In the present case the error of counsel consisted of his failure to grasp the very real possibility that Washington was guilty of only attempted forgery or attempted theft and to so advise his client. The bill of information accused Washington of committing forgery with a check which was “not signed.” The check, in fact, had not been signed. Forgery is the false making or altering, with intent to defraud, of any signature to, or any part of, any writing purporting to have legal efficacy. La. R.S. 14:72. Accordingly, to convict a defendant of forgery, the prosecution must prove, inter alia, that the altered or fabricated writing in question purported to have legal efficacy. Thus, it is possible to defend against a forgery prosecution on the ground that the instrument allegedly forged did not purport to have legal effect as a bill, check, note or other particular type of legally binding instrument. See Poe v. People, 163 Colo. 20, 428 P.2d 77 (1967); Wall’s Case, 2 East P.C. 953 (1800); Annot. 174 A.L.R. 1300 (1948); Model Penal Code and Commentaries § 224.1 (1980); 36 Am.Jur.2d §§ 24, 25. Such a defense appeared to exist in this case. The instrument had no legal effect as to the ostensible drawer, the LSU Urology Alumni Fund, because it was not even purportedly signed by that party. No person is liable on an instrument unless his signature appears thereon. La.R.S. 10:3-401; see Columbia Finance Corporation v. Robitcheck, 243 La. 1084, 150 So.2d 23 (1963). Counsel’s failure to recognize this evident defense and his failure to explore this glaring weakness in the state’s forgery case against Washington before allowing him to plead was not assistance “within the range of competence demanded of attorneys in criminal cases.” McMann v. Richardson, supra.
Counsel was probably also ineffective because of his failure to advise his client of his right to a jury trial. The plea judge advised Washington only that he had a right to a trial. Counsel could not remember whether he informed Washington of this right or even say that it was probable that he did so. Counsel’s failure to advise his client on this issue before or during the plea proceeding easily could have left Washington with the reasonable impression that only a bench trial would be available to him.

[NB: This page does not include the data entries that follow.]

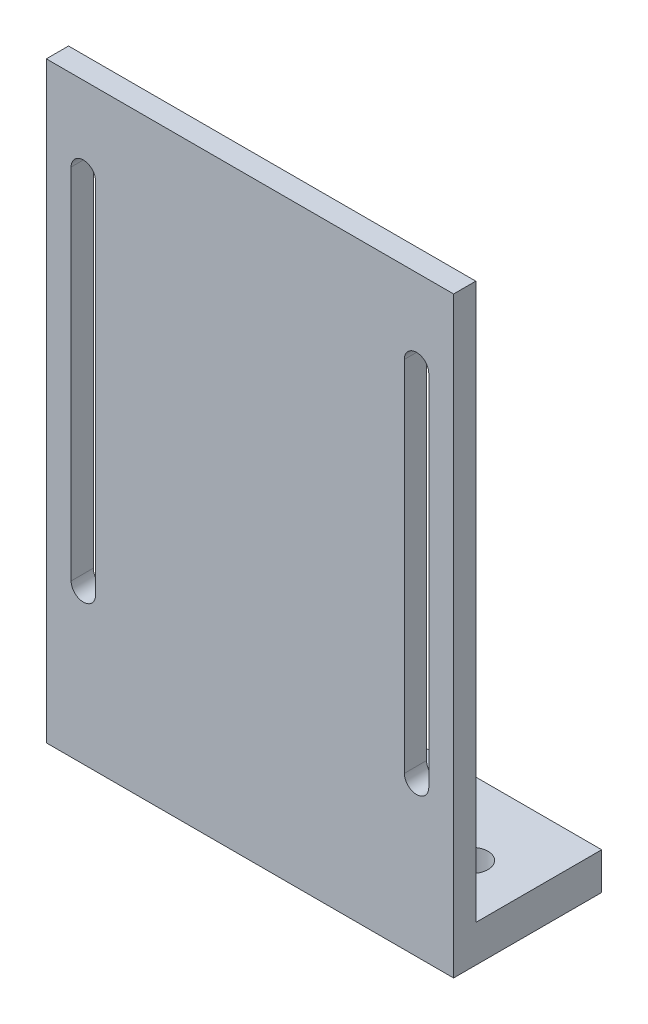
from build123d import *

# Parameters (mm, degrees)
SKETCH1_W           = 55
SKETCH1_H           = 20
SKETCH1_R           = 2.15
BOSS_EXTRUDE1_DEPTH = 5
SKETCH2_W           = 55
SKETCH2_H           = 3
BOSS_EXTRUDE2_DEPTH = 75
CUT_EXTRUDE1_DEPTH  = 75


with BuildPart() as part:
    # Sketch1 → Boss-Extrude1 (new body)
    with BuildSketch(Plane(origin=(0, 0, 0), x_dir=(1, 0, 0), z_dir=(0, 1, 0))):
        Rectangle(SKETCH1_W, SKETCH1_H)
        with Locations((-20, 0)):
            Circle(SKETCH1_R, mode=Mode.SUBTRACT)
        with Locations((20, 0)):
            Circle(SKETCH1_R, mode=Mode.SUBTRACT)
    extrude(amount=BOSS_EXTRUDE1_DEPTH)

    # Sketch2 → Boss-Extrude2 (add)
    with BuildSketch(Plane(origin=(0, 5, 0), x_dir=(1, 0, 0), z_dir=(0, 1, 0))):
        with Locations((0, -8.5)):
            Rectangle(SKETCH2_W, SKETCH2_H)
    extrude(amount=BOSS_EXTRUDE2_DEPTH)

    # Sketch3 → Cut-Extrude1 (cut)
    with BuildSketch(Plane(origin=(0, 0, 7), x_dir=(-1, 0, 0), z_dir=(0, 0, -1))):
        with BuildLine():
            Line((-20.85, 69.022285576), (-20.85, 20.608862032))
            ThreePointArc((-20.85, 20.608862032), (-22.5, 18.958862032), (-24.15, 20.608862032))
            Line((-24.15, 20.608862032), (-24.15, 69.022285576))
            ThreePointArc((-24.15, 69.022285576), (-22.5, 70.672285576), (-20.85, 69.022285576))
        make_face()
        with BuildLine():
            Line((20.85, 69.022285576), (20.85, 20.608862032))
            ThreePointArc((20.85, 20.608862032), (22.5, 18.958862032), (24.15, 20.608862032))
            Line((24.15, 20.608862032), (24.15, 69.022285576))
            ThreePointArc((24.15, 69.022285576), (22.5, 70.672285576), (20.85, 69.022285576))
        make_face()
    extrude(amount=-CUT_EXTRUDE1_DEPTH, mode=Mode.SUBTRACT)


solid = part.part
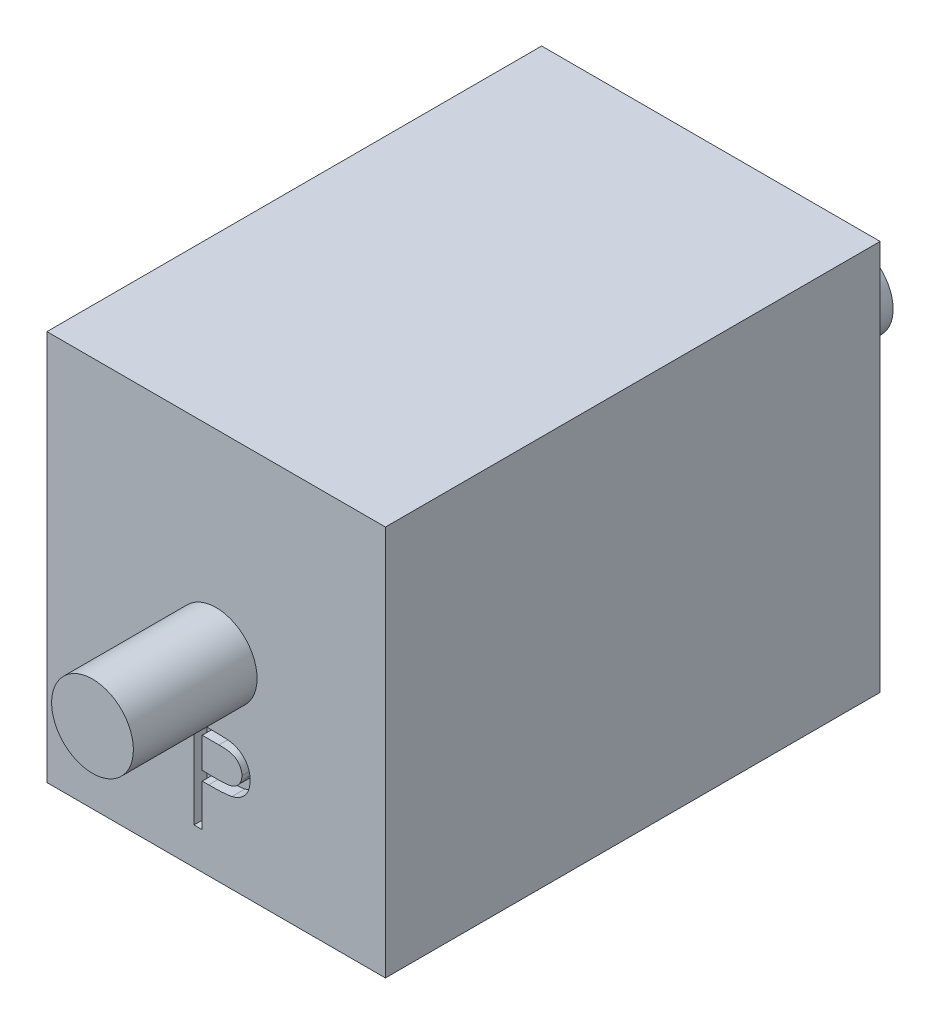
from build123d import *

# Parameters (mm, degrees)
SKETCH1_W           = 13
SKETCH1_H           = 15
BOSS_EXTRUDE1_DEPTH = 19
SKETCH2_R           = 1.57
BOSS_EXTRUDE2_DEPTH = 4.75
SKETCH3_R           = 1.5
BOSS_EXTRUDE3_DEPTH = 5.5
CUT_EXTRUDE1_DEPTH  = 0.5
CUT_EXTRUDE2_DEPTH  = 0.5


with BuildPart() as part:
    # Sketch1 → Boss-Extrude1 (new body)
    with BuildSketch(Plane.XY):
        Rectangle(SKETCH1_W, SKETCH1_H)
    extrude(amount=BOSS_EXTRUDE1_DEPTH)

    # Sketch2 → Boss-Extrude2 (add)
    with BuildSketch(Plane.XY.offset(19)):
        Circle(SKETCH2_R)
    extrude(amount=BOSS_EXTRUDE2_DEPTH)

    # Sketch3 → Boss-Extrude3 (add)
    with BuildSketch(Plane(origin=(0, 0, 0), x_dir=(-1, 0, 0), z_dir=(0, 0, -1))):
        Circle(SKETCH3_R)
    extrude(amount=BOSS_EXTRUDE3_DEPTH)

    # Sketch4 → Cut-Extrude1 (cut)
    with BuildSketch(Plane(origin=(0, 0, 0), x_dir=(-1, 0, 0), z_dir=(0, 0, -1))):
        Polygon((-2.028652102, -5.782501305), (-1.56661284, -2.282501305), (-1.521741045, -2.282501305), (-0.076729025, -5.154296177), (1.364076263, -2.282501305), (1.408948058, -2.282501305), (1.875194051, -5.782501305), (1.561091487, -5.782501305), (1.224553026, -3.266175183), (-0.038167327, -5.782501305), (-0.10968175, -5.782501305), (-1.378011077, -3.258462844), (-1.712446173, -5.782501305), align=None)
    extrude(amount=-CUT_EXTRUDE1_DEPTH, mode=Mode.SUBTRACT)

    # Sketch5 → Cut-Extrude2 (cut)
    with BuildSketch(Plane.XY.offset(19)):
        with BuildLine():
            Line((-0.851399992, -2.584854315), (-0.165001755, -2.584854315))
            add(Edge.make_bspline(
                [(-0.165001755, -2.584854315), (-0.117790848, -2.584906211), (-0.027332656, -2.585005646), (0.1023824, -2.588020392), (0.220192132, -2.592047084), (0.325842513, -2.597628978), (0.419658611, -2.604225568), (0.50121591, -2.613477607), (0.571155467, -2.623137903), (0.613061916, -2.632959309), (0.632173726, -2.637438449)],
                knots=[0, 0, 0, 0, 0.000141628, 0.000271366, 0.00038923, 0.000495248, 0.00058876, 0.000671296, 0.000741499, 0.00080036, 0.00080036, 0.00080036, 0.00080036], degree=3))
            add(Edge.make_bspline(
                [(0.632173726, -2.637438449), (0.65636726, -2.644060399), (0.704184237, -2.657148261), (0.77308528, -2.683361984), (0.838639126, -2.71444415), (0.901070684, -2.749868089), (0.959612767, -2.791153654), (1.015138808, -2.836627271), (1.067158788, -2.88733884), (1.11538018, -2.94271958), (1.159664978, -3.00183979), (1.197794661, -3.06558202), (1.229721888, -3.132873323), (1.257105159, -3.203666894), (1.276813614, -3.278557218), (1.291660513, -3.35702393), (1.301084141, -3.43905862), (1.301986703, -3.495118488), (1.302446162, -3.523656398)],
                knots=[0, 0, 0, 0, 7.5216e-05, 0.00014866, 0.000220794, 0.000292713, 0.000363707, 0.000435434, 0.000507823, 0.000581364, 0.000655543, 0.000729131, 0.000803767, 0.000878771, 0.000956497, 0.001035702, 0.001118238, 0.001203821, 0.001203821, 0.001203821, 0.001203821], degree=3))
            add(Edge.make_bspline(
                [(1.302446162, -3.523656398), (1.302024737, -3.552434175), (1.301200191, -3.608739839), (1.291303906, -3.691112627), (1.277973714, -3.769831017), (1.257476662, -3.844720468), (1.230630989, -3.915336238), (1.199138936, -3.98275747), (1.161155406, -4.045837142), (1.117510576, -4.10480426), (1.068958982, -4.159714172), (1.015706044, -4.210168966), (0.957966751, -4.255873305), (0.895924603, -4.296929648), (0.828974754, -4.332385928), (0.758132601, -4.364143233), (0.682782384, -4.390814293), (0.63063987, -4.404844355), (0.604128854, -4.411977712)],
                knots=[0, 0, 0, 0, 8.6284e-05, 0.00016882, 0.000248587, 0.000325638, 0.000401297, 0.000474998, 0.000548586, 0.000621785, 0.0006948, 0.0007682, 0.000841564, 0.000915458, 0.000991056, 0.00106858, 0.00114819, 0.001230532, 0.001230532, 0.001230532, 0.001230532], degree=3))
            add(Edge.make_bspline(
                [(0.604128854, -4.411977712), (0.58220152, -4.416640693), (0.534146493, -4.426859887), (0.455003771, -4.438268344), (0.362858385, -4.448005945), (0.257836105, -4.455307082), (0.1400312, -4.461557451), (0.009379943, -4.466525545), (-0.134374134, -4.469255399), (-0.234645379, -4.469396191), (-0.286996947, -4.469469699)],
                knots=[0, 0, 0, 0, 6.7238e-05, 0.000147357, 0.000239727, 0.000345177, 0.000463135, 0.000593636, 0.000737393, 0.000894446, 0.000894446, 0.000894446, 0.000894446], degree=3))
            Line((-0.286996947, -4.469469699), (-0.537297428, -4.469469699))
            Line((-0.537297428, -4.469469699), (-0.537297428, -6.084854315))
            Line((-0.537297428, -6.084854315), (-0.851399992, -6.084854315))
            Line((-0.851399992, -6.084854315), (-0.851399992, -2.584854315))
        make_face()
        with BuildLine():
            Line((-0.537297428, -2.943828674), (-0.537297428, -4.11049534))
            Line((-0.537297428, -4.11049534), (0.075483021, -4.11820768))
            add(Edge.make_bspline(
                [(0.075483021, -4.11820768), (0.105402947, -4.118223144), (0.163162747, -4.118252996), (0.24659897, -4.114267772), (0.324008257, -4.10966724), (0.395152833, -4.102931316), (0.460064767, -4.093410059), (0.518852296, -4.083798321), (0.571059579, -4.069892958), (0.632158781, -4.051169889), (0.700242128, -4.019237273), (0.774309677, -3.972887383), (0.837080263, -3.913806675), (0.89139856, -3.847378844), (0.934504438, -3.773479714), (0.96606043, -3.694410778), (0.984601587, -3.610982928), (0.987087781, -3.553894789), (0.988343598, -3.525058642)],
                knots=[0, 0, 0, 0, 8.9746e-05, 0.000173253, 0.000250533, 0.00032239, 0.000387534, 0.00044736, 0.000500926, 0.000549486, 0.000638903, 0.000725641, 0.000810488, 0.000896226, 0.000982324, 0.00106604, 0.001150757, 0.001237226, 0.001237226, 0.001237226, 0.001237226], degree=3))
            add(Edge.make_bspline(
                [(0.988343598, -3.525058642), (0.987080951, -3.496920128), (0.984570966, -3.440984246), (0.965915103, -3.359005485), (0.934565789, -3.280769781), (0.891109195, -3.207796696), (0.838368065, -3.141607892), (0.777068722, -3.084110765), (0.707355461, -3.037889062), (0.642507229, -3.00805578), (0.584906043, -2.989840505), (0.534874084, -2.977095664), (0.478383409, -2.966920058), (0.41541563, -2.958680555), (0.346458796, -2.951627094), (0.270920481, -2.946841117), (0.189086838, -2.944039661), (0.132276267, -2.943900705), (0.102826771, -2.943828674)],
                knots=[0, 0, 0, 0, 8.4371e-05, 0.000167719, 0.000250783, 0.000336277, 0.000421575, 0.000503926, 0.000587348, 0.000671427, 0.000717102, 0.000768457, 0.000826213, 0.000889178, 0.000958942, 0.001034123, 0.001116202, 0.001204546, 0.001204546, 0.001204546, 0.001204546], degree=3))
            Line((0.102826771, -2.943828674), (-0.537297428, -2.943828674))
        make_face(mode=Mode.SUBTRACT)
    extrude(amount=-CUT_EXTRUDE2_DEPTH, mode=Mode.SUBTRACT)


solid = part.part

Under all of the circumstances, we conclude that counsel’s constitutionally ineffective performance affected the outcome of the plea process. A reasonably competent attorney would have recognized and informed his client of the possible defense to the forgery charge and the manner in which it could be used to his advantage in plea bargaining or in a trial before a judge or jury. It is unlikely that a client properly informed about the nature of the charge and the strength of this possible defense would have pleaded guilty. In our opinion, Washington has shown that there is a reasonable probability that, but for counsel’s errors, he would not have pleaded guilty to forgery and would have insisted on going to trial.
DECREE
For the reasons assigned, Washington’s 1979 plea of guilty to forgery, as well as the sentence based thereon, are set aside since the plea was an involuntary one which resulted from ineffective assistance of counsel. The case is remanded for further proceedings.
GUILTY PLEA AND SENTENCE VACATED; CASE REMANDED.
MARCUS, and LEMMON, JJ„ dissents and assign reasons.
BLANCHE, J., dissents.
Blanche, J., retired, participated in this case ad hoc, in place of Cole, J., the matter having been heard and submitted before Justice Cole replaced Justice Blanche on the Court.
. Washington’s probation was modified in 1984. He was required to serve sixty days in parish jail, with credit for time previously served, and again ordered to make restitution of $55.95.
. Thus we do not reach Washington's substantial claims of improper Boykinization and involuntariness of the plea under the totality of the circumstances.